A COUPLED BENTHIC-CIRCULATION MODEL FOR DERMO DISEASE IN THE EASTER OYSTER Crassostrea virginica  

The understanding of waterborne microparasitic disease transmission in bivalve filter feeders requires consideration of both biological and hydrodynamic processes. The dose of infective cells received by a filter feeder depends on the concentration of these particles in the water column, which is affected by the relative rates of supply and removal due to decay, advection and diffusion as well as production and removal of particles through filtration by benthic organisms. Here, we combine a circulation model, the Regional Ocean Modeling System (ROMS), with a benthic organism Dermo-disease model for eastern oyster Crassostrea virginica, parameterized using experimental results and literature data, to determine the relative contribution of the hydrodynamic and biological processes to disease transmission.

We simulate disease transmission in idealized simplified estuaries to examine how estuarine circulation moves and/or retains infectious particles. Different freshwater/river inflow scenarios are imposed to generate different estuarine circulations which will affect estuarine residence time and thereby, the development or reduction of disease prevalence. Each case includes an oyster metapopulation distributed among reefs oriented along the axis of the estuary. The simulations are evaluated using the concentration of infectious particles in the water column along the estuary and intercepting benthic populations.

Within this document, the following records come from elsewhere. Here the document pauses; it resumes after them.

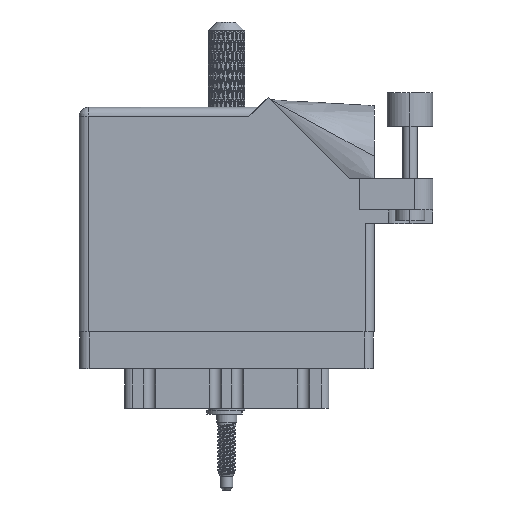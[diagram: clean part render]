
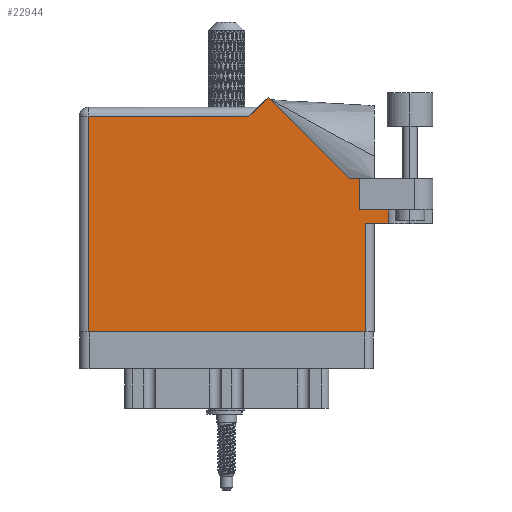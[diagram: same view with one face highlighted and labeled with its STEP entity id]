
A CAD part, front view. The second image highlights one B-rep face of the part: STEP entity #22944.
In plain terms, the highlighted face is planar.
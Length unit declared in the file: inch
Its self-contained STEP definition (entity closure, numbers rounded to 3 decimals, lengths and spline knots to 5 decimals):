
#1680 = LINE ( 'NONE', #81398, #41370 ) ;
#4038 = LINE ( 'NONE', #41336, #96114 ) ;
#6161 = FACE_OUTER_BOUND ( 'NONE', #45914, .T. ) ;
#6651 = LINE ( 'NONE', #99625, #10287 ) ;
#7845 = CARTESIAN_POINT ( 'NONE',  ( 1.217, 1.53, 0. ) ) ;
#8183 = EDGE_CURVE ( 'NONE', #9064, #93389, #17741, .T. ) ;
#8634 = VERTEX_POINT ( 'NONE', #30321 ) ;
#8950 = ORIENTED_EDGE ( 'NONE', *, *, #81021, .T. ) ;
#9064 = VERTEX_POINT ( 'NONE', #88962 ) ;
#10161 = EDGE_CURVE ( 'NONE', #22237, #32851, #4038, .T. ) ;
#10287 = VECTOR ( 'NONE', #60319, 39.37008 ) ;
#10853 = ORIENTED_EDGE ( 'NONE', *, *, #99104, .T. ) ;
#12834 = LINE ( 'NONE', #34342, #24843 ) ;
#17741 = LINE ( 'NONE', #80123, #57066 ) ;
#21873 = EDGE_CURVE ( 'NONE', #48996, #52620, #1680, .T. ) ;
#22237 = VERTEX_POINT ( 'NONE', #53501 ) ;
#22481 = CARTESIAN_POINT ( 'NONE',  ( 0., 1.53, 0. ) ) ;
#22944 = ADVANCED_FACE ( 'NONE', ( #6161 ), #100143, .F. ) ;
#24281 = CARTESIAN_POINT ( 'NONE',  ( 1.948, 0., 0. ) ) ;
#24843 = VECTOR ( 'NONE', #96678, 39.37008 ) ;
#24917 = CARTESIAN_POINT ( 'NONE',  ( 2.1115, 1.16177, 0. ) ) ;
#30321 = CARTESIAN_POINT ( 'NONE',  ( 1.28771, 1.60071, 0. ) ) ;
#32843 = CARTESIAN_POINT ( 'NONE',  ( 1.84442, 1.044, 0. ) ) ;
#32847 = DIRECTION ( 'NONE',  ( 1., 0., 0. ) ) ;
#32851 = VERTEX_POINT ( 'NONE', #24281 ) ;
#34342 = CARTESIAN_POINT ( 'NONE',  ( 0., 1.468, 0. ) ) ;
#34792 = DIRECTION ( 'NONE',  ( 0., 1., 0. ) ) ;
#38874 = ORIENTED_EDGE ( 'NONE', *, *, #66129, .F. ) ;
#39004 = LINE ( 'NONE', #7845, #47537 ) ;
#39491 = CARTESIAN_POINT ( 'NONE',  ( 1.948, 0.737, 0. ) ) ;
#40085 = CARTESIAN_POINT ( 'NONE',  ( 1.91, 1.044, 0. ) ) ;
#41336 = CARTESIAN_POINT ( 'NONE',  ( 0., 0., 0. ) ) ;
#41370 = VECTOR ( 'NONE', #32847, 39.37008 ) ;
#43363 = EDGE_CURVE ( 'NONE', #48996, #93000, #57795, .T. ) ;
#43473 = ORIENTED_EDGE ( 'NONE', *, *, #10161, .T. ) ;
#44366 = ORIENTED_EDGE ( 'NONE', *, *, #66133, .T. ) ;
#45914 = EDGE_LOOP ( 'NONE', ( #43473, #93968, #50182, #38874, #100407, #71745, #60217, #92623, #8950, #10853, #44366 ) ) ;
#47537 = VECTOR ( 'NONE', #71691, 39.37008 ) ;
#48440 = CARTESIAN_POINT ( 'NONE',  ( 0.062, 0., 0. ) ) ;
#48996 = VERTEX_POINT ( 'NONE', #58640 ) ;
#49145 = VECTOR ( 'NONE', #34792, 39.37008 ) ;
#49470 = VECTOR ( 'NONE', #83702, 39.37008 ) ;
#50045 = DIRECTION ( 'NONE',  ( 1., 0., 0. ) ) ;
#50182 = ORIENTED_EDGE ( 'NONE', *, *, #8183, .T. ) ;
#52337 = VECTOR ( 'NONE', #80133, 39.37008 ) ;
#52620 = VERTEX_POINT ( 'NONE', #56785 ) ;
#53455 = EDGE_CURVE ( 'NONE', #93000, #81019, #6651, .T. ) ;
#53501 = CARTESIAN_POINT ( 'NONE',  ( 0.062, 0., 0. ) ) ;
#55611 = VECTOR ( 'NONE', #79623, 39.37008 ) ;
#56110 = LINE ( 'NONE', #48440, #55611 ) ;
#56785 = CARTESIAN_POINT ( 'NONE',  ( 2.1115, 0.831, 0. ) ) ;
#57066 = VECTOR ( 'NONE', #78096, 39.37008 ) ;
#57795 = LINE ( 'NONE', #73630, #49145 ) ;
#58207 = CARTESIAN_POINT ( 'NONE',  ( 1.84442, 1.044, 0. ) ) ;
#58640 = CARTESIAN_POINT ( 'NONE',  ( 1.91, 0.831, 0. ) ) ;
#60217 = ORIENTED_EDGE ( 'NONE', *, *, #53455, .T. ) ;
#60319 = DIRECTION ( 'NONE',  ( -1., 0., 0. ) ) ;
#62989 = CARTESIAN_POINT ( 'NONE',  ( 2.1115, 0.737, 0. ) ) ;
#63036 = VERTEX_POINT ( 'NONE', #86342 ) ;
#66129 = EDGE_CURVE ( 'NONE', #52620, #93389, #78610, .T. ) ;
#66133 = EDGE_CURVE ( 'NONE', #63036, #22237, #56110, .T. ) ;
#67495 = DIRECTION ( 'NONE',  ( -1., 0., 0. ) ) ;
#71691 = DIRECTION ( 'NONE',  ( -0.707, -0.707, 0. ) ) ;
#71745 = ORIENTED_EDGE ( 'NONE', *, *, #43363, .T. ) ;
#72342 = CARTESIAN_POINT ( 'NONE',  ( 1.155, 1.468, 0. ) ) ;
#73630 = CARTESIAN_POINT ( 'NONE',  ( 1.91, 0.831, 0. ) ) ;
#75536 = LINE ( 'NONE', #58207, #49470 ) ;
#76182 = DIRECTION ( 'NONE',  ( 0., 0., -1. ) ) ;
#77841 = VERTEX_POINT ( 'NONE', #72342 ) ;
#78096 = DIRECTION ( 'NONE',  ( 1., 0., 0. ) ) ;
#78350 = LINE ( 'NONE', #39491, #96651 ) ;
#78610 = LINE ( 'NONE', #24917, #52337 ) ;
#78893 = AXIS2_PLACEMENT_3D ( 'NONE', #22481, #76182, #67495 ) ;
#79623 = DIRECTION ( 'NONE',  ( 0., -1., 0. ) ) ;
#79984 = EDGE_CURVE ( 'NONE', #32851, #9064, #78350, .T. ) ;
#80123 = CARTESIAN_POINT ( 'NONE',  ( 2.01, 0.737, 0. ) ) ;
#80133 = DIRECTION ( 'NONE',  ( 0., -1., 0. ) ) ;
#81019 = VERTEX_POINT ( 'NONE', #32843 ) ;
#81021 = EDGE_CURVE ( 'NONE', #8634, #77841, #39004, .T. ) ;
#81398 = CARTESIAN_POINT ( 'NONE',  ( 1.91, 0.831, 0. ) ) ;
#83702 = DIRECTION ( 'NONE',  ( -0.707, 0.707, 0. ) ) ;
#86342 = CARTESIAN_POINT ( 'NONE',  ( 0.062, 1.468, 0. ) ) ;
#88962 = CARTESIAN_POINT ( 'NONE',  ( 1.948, 0.737, 0. ) ) ;
#92623 = ORIENTED_EDGE ( 'NONE', *, *, #96876, .T. ) ;
#93000 = VERTEX_POINT ( 'NONE', #40085 ) ;
#93389 = VERTEX_POINT ( 'NONE', #62989 ) ;
#93968 = ORIENTED_EDGE ( 'NONE', *, *, #79984, .T. ) ;
#94169 = DIRECTION ( 'NONE',  ( 0., 1., 0. ) ) ;
#96114 = VECTOR ( 'NONE', #50045, 39.37008 ) ;
#96651 = VECTOR ( 'NONE', #94169, 39.37008 ) ;
#96678 = DIRECTION ( 'NONE',  ( -1., 0., 0. ) ) ;
#96876 = EDGE_CURVE ( 'NONE', #81019, #8634, #75536, .T. ) ;
#99104 = EDGE_CURVE ( 'NONE', #77841, #63036, #12834, .T. ) ;
#99625 = CARTESIAN_POINT ( 'NONE',  ( 2.41, 1.044, 0. ) ) ;
#100143 = PLANE ( 'NONE',  #78893 ) ;
#100407 = ORIENTED_EDGE ( 'NONE', *, *, #21873, .F. ) ;

We also track evolution in time of particles, and susceptible, infected, and dead infected individuals in each population.

The model, by reproducing the hydrodynamics and disease dynamics, permitted simulation of the spatial-temporal evolution of disease spread over the reefs and the rate of development of disease in populations that are remote from initially infected populations, thereby providing estimates of the transfer of disease between populations and the mechanisms that foster transmission. The model detects the effect of flow particle availability, low oyster density, reef size, and relative location of reefs on disease transmission and spread.